Kaşlarımı kaldırınca gözlerini şaşkınlıkla açtı ve konuşmaya devam etti.
“Emot’un sevgilisi Imona’nın önünde olsaydı onu hemen öldürürdü.”
“!”
“Siz bunu yapamıyor musunuz Majesteleri?”
(Çn: Ah keşke)
“Korkarım ki bu ulu imparatorlukta İmparatoriçe olsam bile sebepsiz yere birini öldüremem. Önce mahkeme bir karara bağlamalı.”
“Kendi kasenizden çorba içememek gülünç.”
Dün Rashta’yı doğru dürüst kontrol etmediğimi mi söylüyodu? Yine de, Rwibt ülkesinde olduğu gibi Doğu İmparatorluğu’nun da yasaları vardı. Benim ülkemde cariyeler yasal olarak kabul görüyordu. Ve eğer bir İmparatoriçe İmparator’un metresini öldürürse? Kuvvetle muhtemel hapse atılırdı.
Peki bu bana ne bırakıyordu? Biraz heyecan mı? Rashta’yı öldürmek için hayatımı ortaya koymalı mıydım? Ama cevap vermeden önce Grandük Kapmen bir kadeh şampanyayla birlikte ayrıldı.
Rahat bir nefes verdim. Muhtemelen benim acınası biri olduğumu düşünmüştü.
‘Ne tuhaf. Rashta’yı cariyesi yapan Sovieshu’ydu, yani neden acınası kadın ben oluyorum?’

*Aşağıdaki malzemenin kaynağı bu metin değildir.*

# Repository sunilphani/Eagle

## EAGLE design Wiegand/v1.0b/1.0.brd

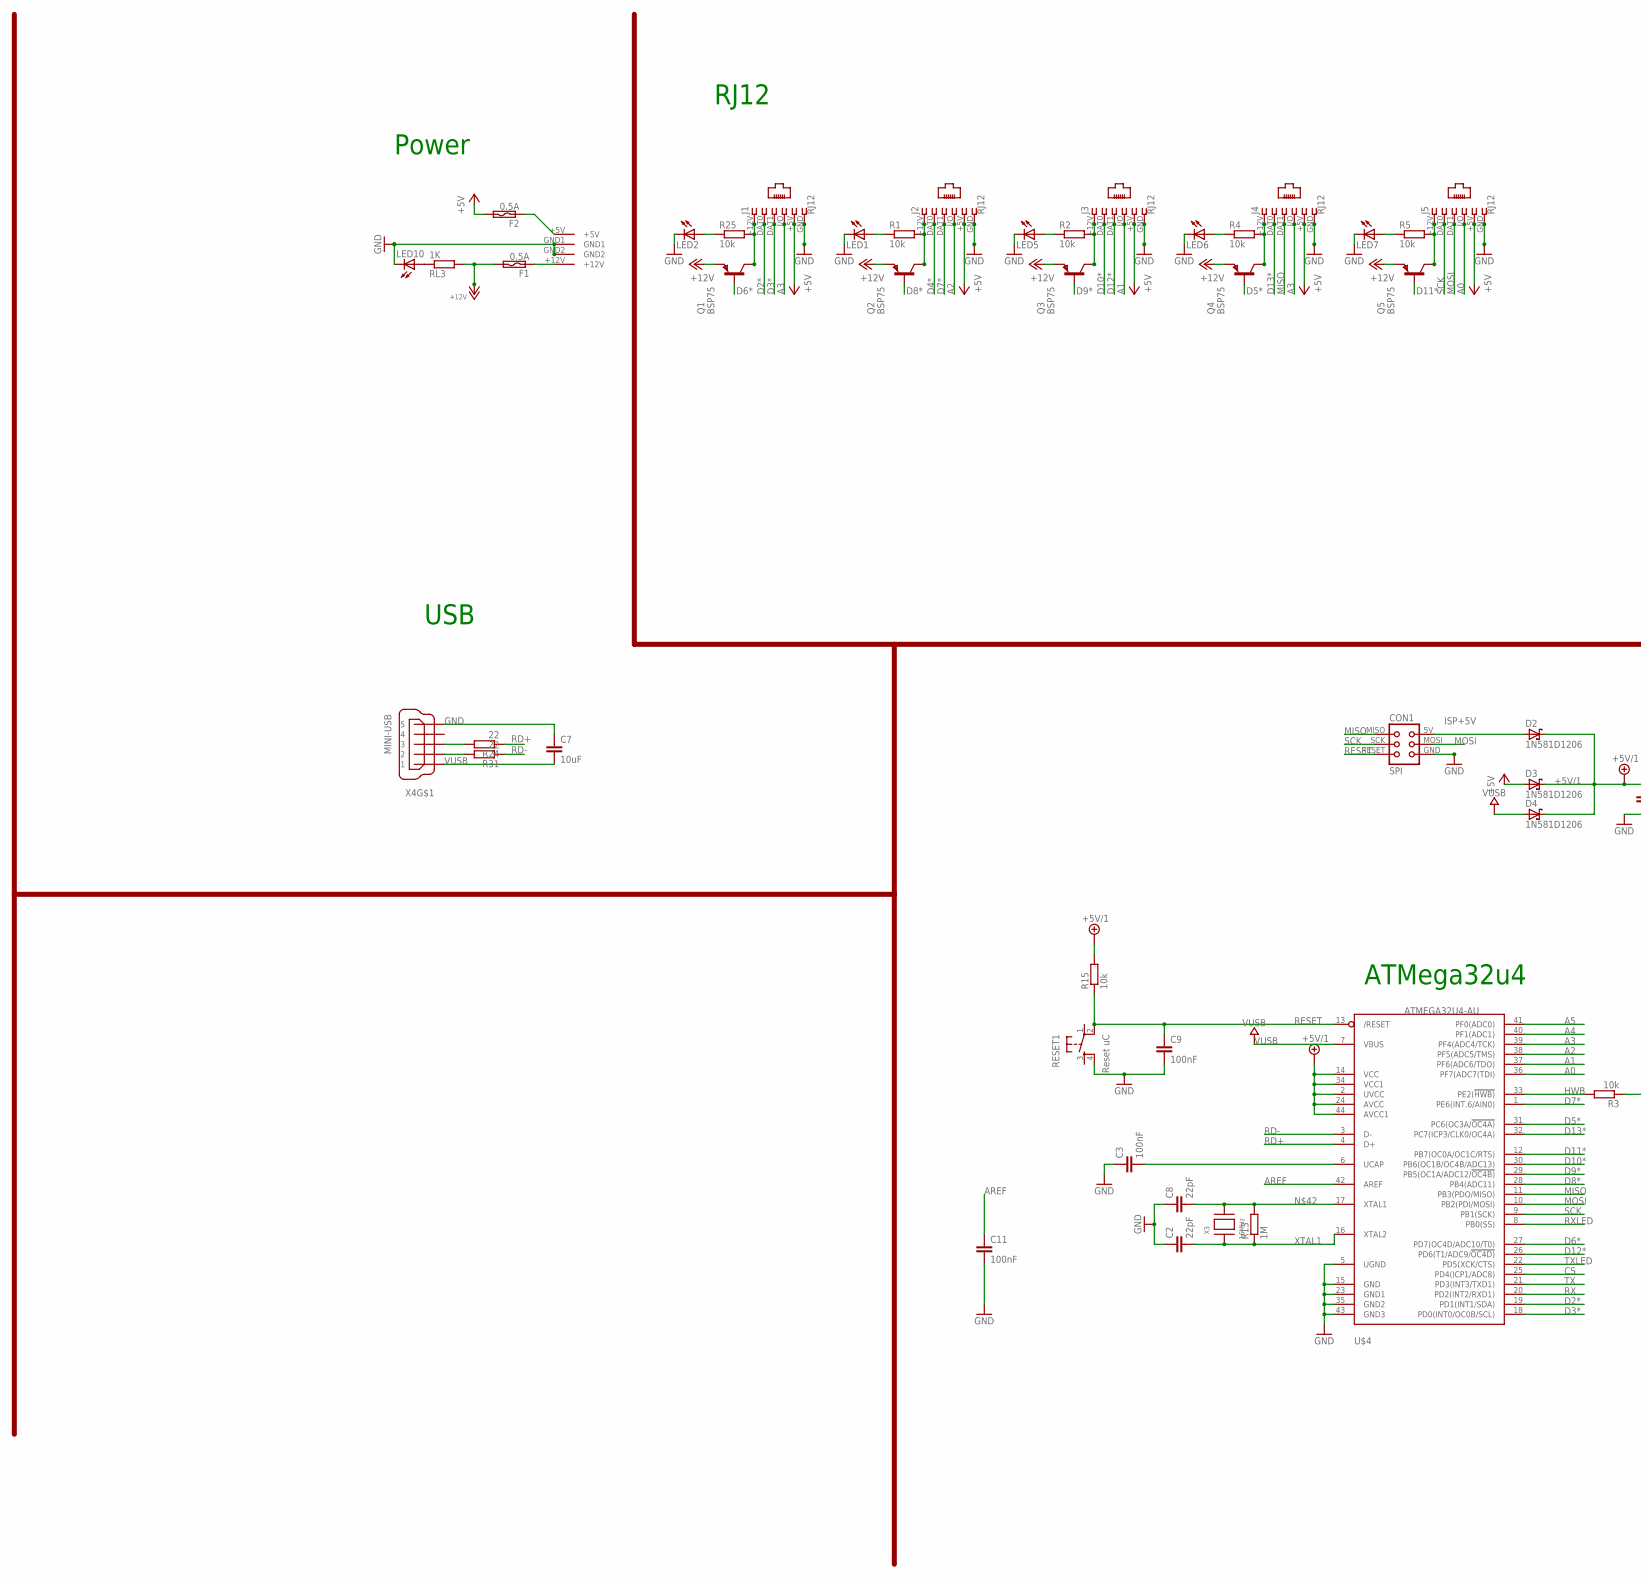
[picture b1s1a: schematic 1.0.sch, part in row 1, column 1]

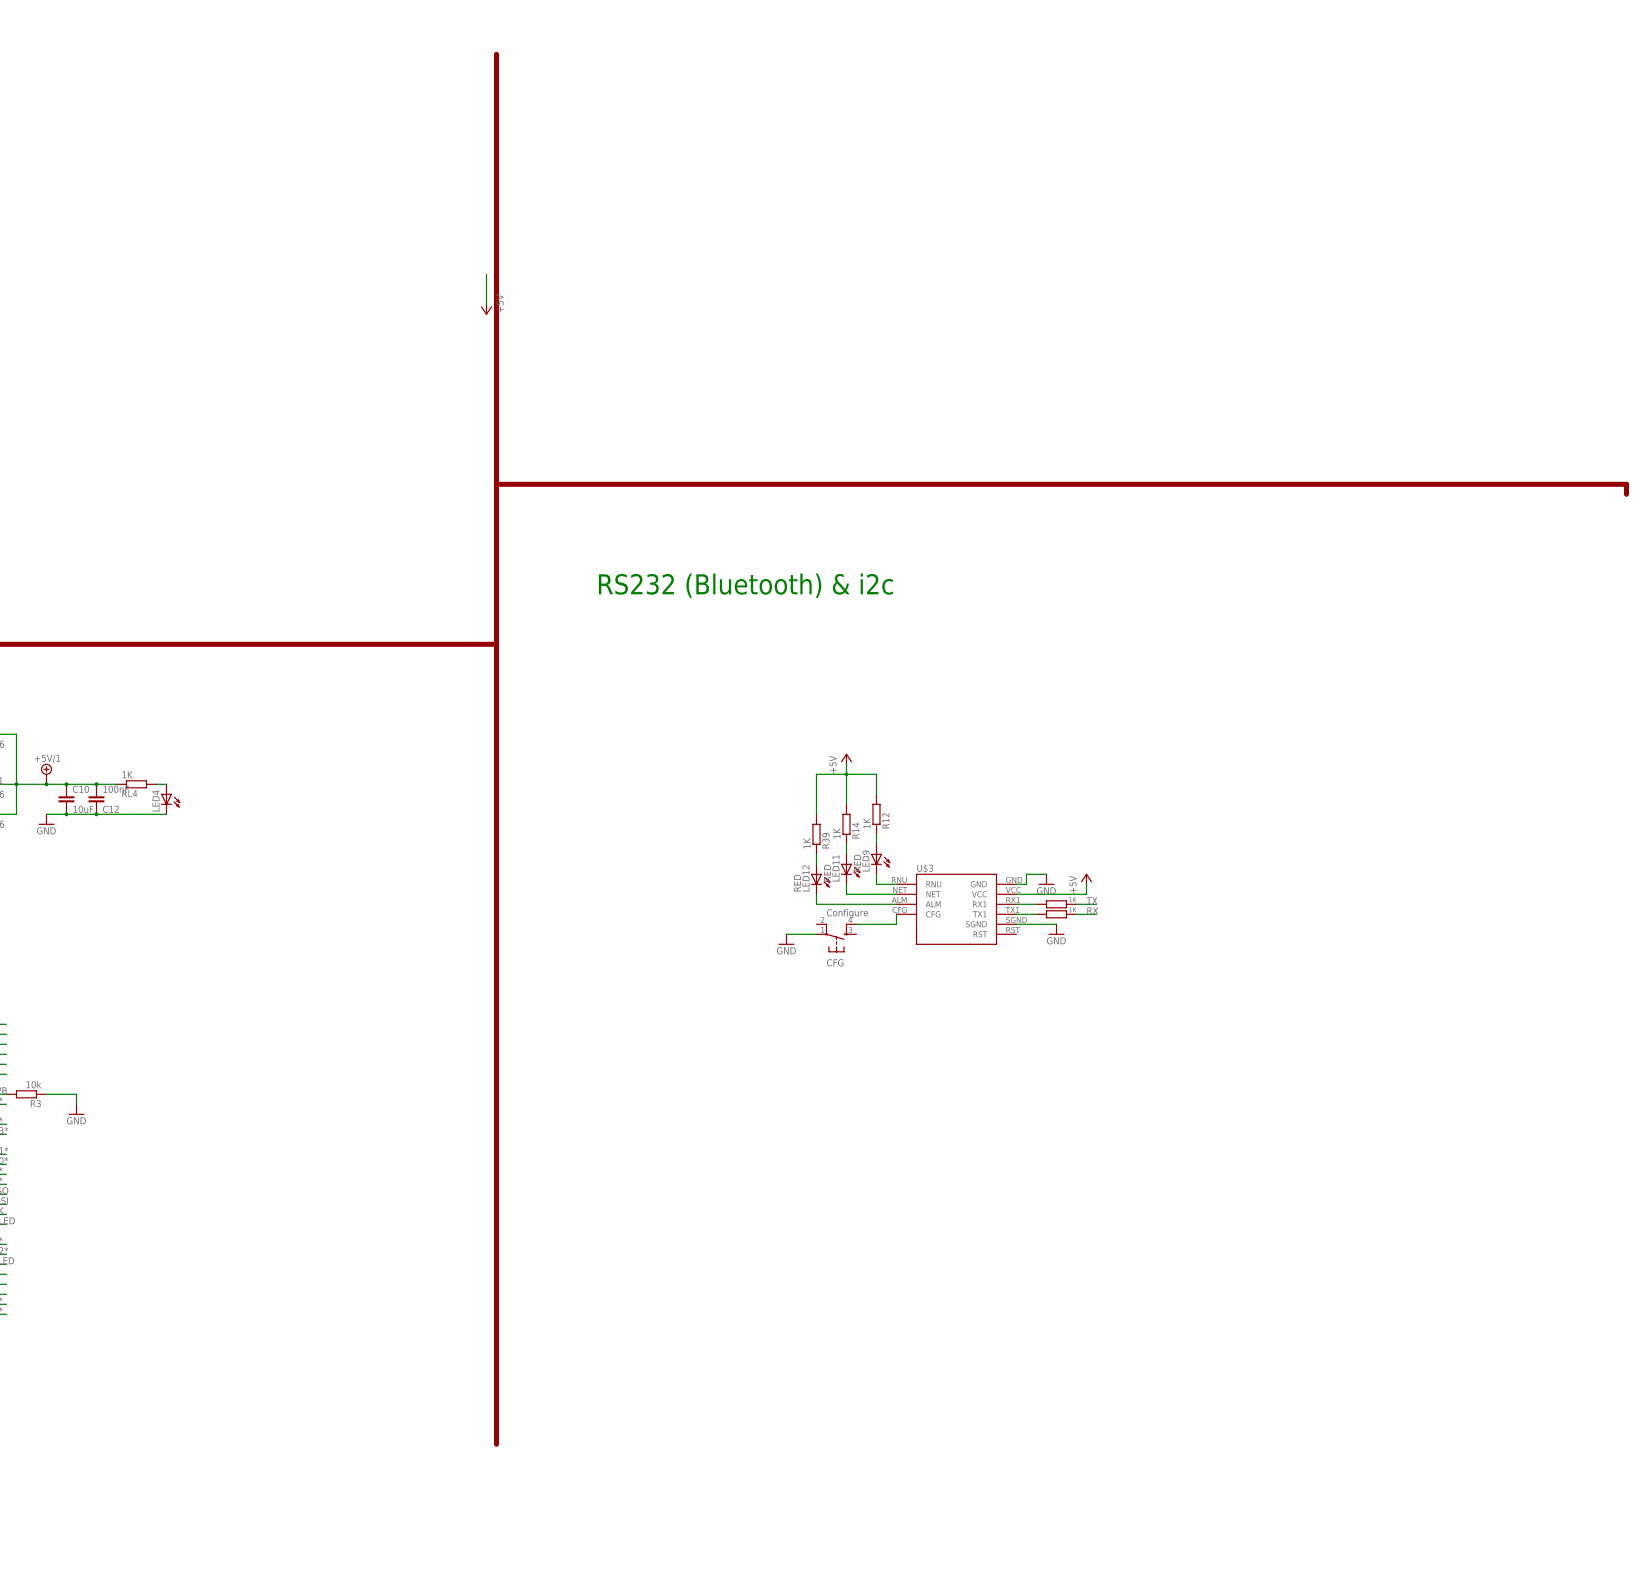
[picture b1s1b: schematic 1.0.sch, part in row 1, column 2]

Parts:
C2, C8: 22pF; C1206
C3, C9, C11, C12: 100nF; C1206
C7, C10: 10uF; C1206
CFG: Configure; TACTILE_SWITCH_SMD
CON1: SPI; TC2030-MCP
D2, D3, D4: 1N581D1206; LED-1206
F1, F2: 0.5A; C1812
J1, J2, J3, J4, J5: RJ12; RJ12-STRAIGHT-WIEGAND
LED1, LED2, LED5, LED6, LED7: Blue; LED3MM
LED4, LED10: RED; LED3MM
LED9, LED11, LED12: RED; CHIP-LED0805
Q1, Q2, Q3, Q4, Q5: BSP75; SOT223
R1, R2, R4, R5, R25: 10k; R0805
R3, R15: 10k; M0805
R8, R11, R12, R14, R39: 1K; R0805
R13: 1M; R1206
R24, R31: 22; M1206
RESET1: Reset uC; TACTILE_SWITCH_SMD
RL3, RL4: 1K; R0805
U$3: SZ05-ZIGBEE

Ne yazık ki Prenses Soju odanın başka bir yerine gitmiş gibi görünüyordu. Bakışlarım Düşes Tuania’ya denk gelince başımı salladım ve başka birini bulmak için etrafa bakındım.
“Kraliçe.”
Arkamdan alçak bir ses belirdi. Başımı çevirince hemen dibimde Prince Heinley’i buldum.
“Nasılsınız—”
Ben daha hal hatır soramadan tekrar konuştu.
“Sizinle bir dakika konuşmak istiyorum.”